I created an album manually via the API, and created a file with one ID per line by exporting the results of the above SQL query to a CSV file with only one column (the ID of the item). Unfortunately, this fails with an HTTP 400, complaining that Request contains an invalid media item id. After some experimentation (manually using the API to get a single ID and add it to an album), I realized the problem was an unfortunate but intentional API limitation:

Note that you can only add media items that have been uploaded by your application to albums that your application has created.

..so it turns out it’s impossible to do anything useful via the API alone.
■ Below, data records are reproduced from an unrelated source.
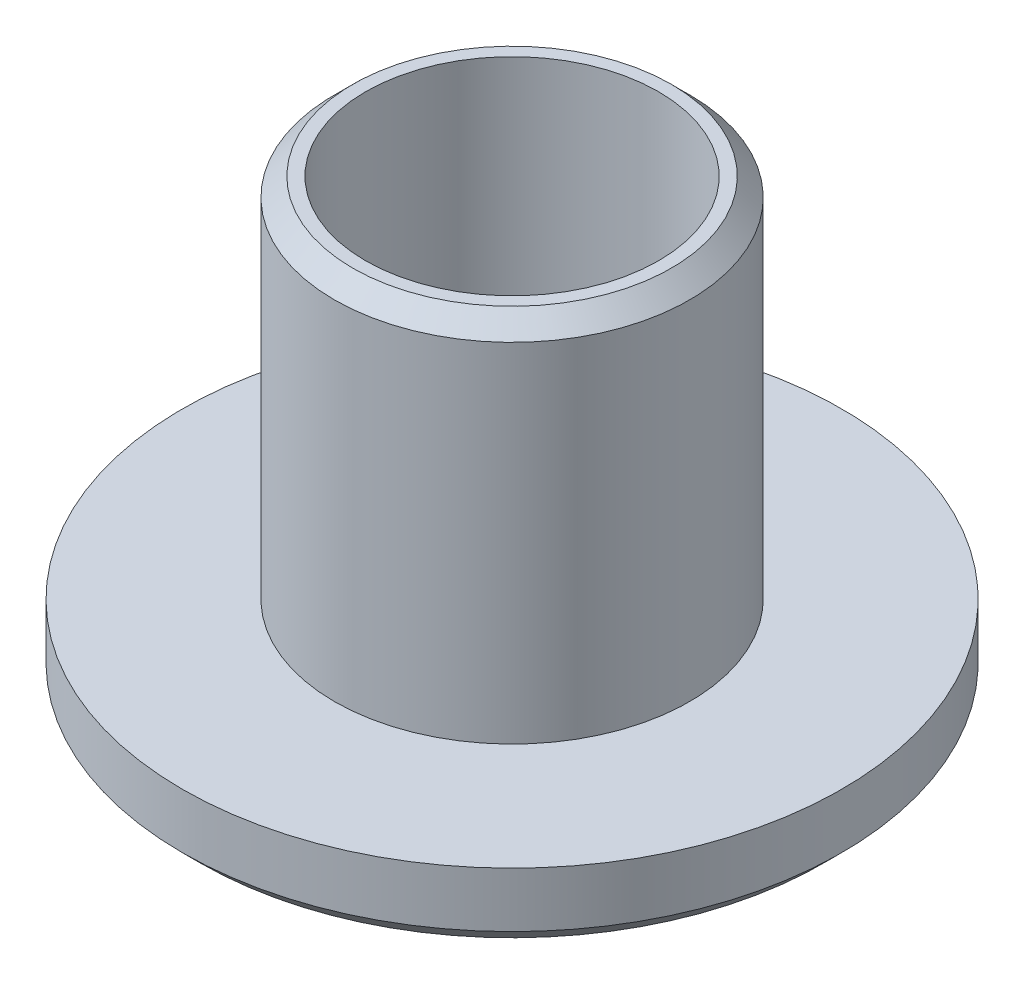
from build123d import *

# Parameters (mm, degrees)
SKIZZE1_R                       = 9
SKIZZE1_R_2                     = 4
AUFSATZ_LINEAR_AUSTRAGEN1_DEPTH = 2
SKIZZE2_R                       = 4.85
SKIZZE2_R_2                     = 4
AUFSATZ_LINEAR_AUSTRAGEN2_DEPTH = 10
FASE1_SIZE                      = 0.5


with BuildPart() as part:
    # Skizze1 → Aufsatz-Linear austragen1 (new body)
    with BuildSketch(Plane(origin=(0, 0, 0), x_dir=(1, 0, 0), z_dir=(0, 1, 0))):
        with Locations(Location((0, 0, 0), (0, 0, 270))):
            Circle(SKIZZE1_R)
        with Locations(Location((0, 0, 0), (0, 0, 270))):
            Circle(SKIZZE1_R_2, mode=Mode.SUBTRACT)
    extrude(amount=AUFSATZ_LINEAR_AUSTRAGEN1_DEPTH)

    # Skizze2 → Aufsatz-Linear austragen2 (add)
    with BuildSketch(Plane(origin=(0, 2, 0), x_dir=(1, 0, 0), z_dir=(0, 1, 0))):
        with Locations(Location((0, 0, 0), (0, 0, 270))):
            Circle(SKIZZE2_R)
        with Locations(Location((0, 0, 0), (0, 0, 270))):
            Circle(SKIZZE2_R_2, mode=Mode.SUBTRACT)
    extrude(amount=AUFSATZ_LINEAR_AUSTRAGEN2_DEPTH)

    # Fase1
    fase1_edges = [part.edges().sort_by_distance(p)[0] for p in [
        (0, 12, -4.85),
        (0, 0, -9),
    ]]
    chamfer(fase1_edges, length=FASE1_SIZE)


solid = part.part

It might be possible to do this via browser automation like a “delete all photos” tool I happened across, but that’s a bigger hack than I’m interested in right now, so I’m forced to give up on the goal for now.

Other uses of the data

I had a few other ideas of interesting things to do with the database I collected in addition to the desired “remove unwanted thumbnails”:

  • Locate other duplicates by finding images with similar metadata (camera, capture time, ISO equivalent, shutter speed, …). This would probably match raw files that have matching sidecar JPEGs, where I would likely prefer to remove the raws since the JPEGs tend to be better suited to browsing and I don’t use Google Photos as a repository for high-quality originals.
  • Find files that exist in Google Photos but not on my local storage. It’s possible that some files would have been accidentally deleted that I could recover a version of (not the originals, probably) from the web. It’s also possible there would be a lot of false positives of photos that I intentionally deleted and would want to remove from Google, though.

In general, there are some interesting possibilities for ways in which photos data in this form could be swizzled into a helpful outcome, but it’s unfortunate that the APIs provided for Google Photos mean there aren’t many ways the data can be used to any meaningful end.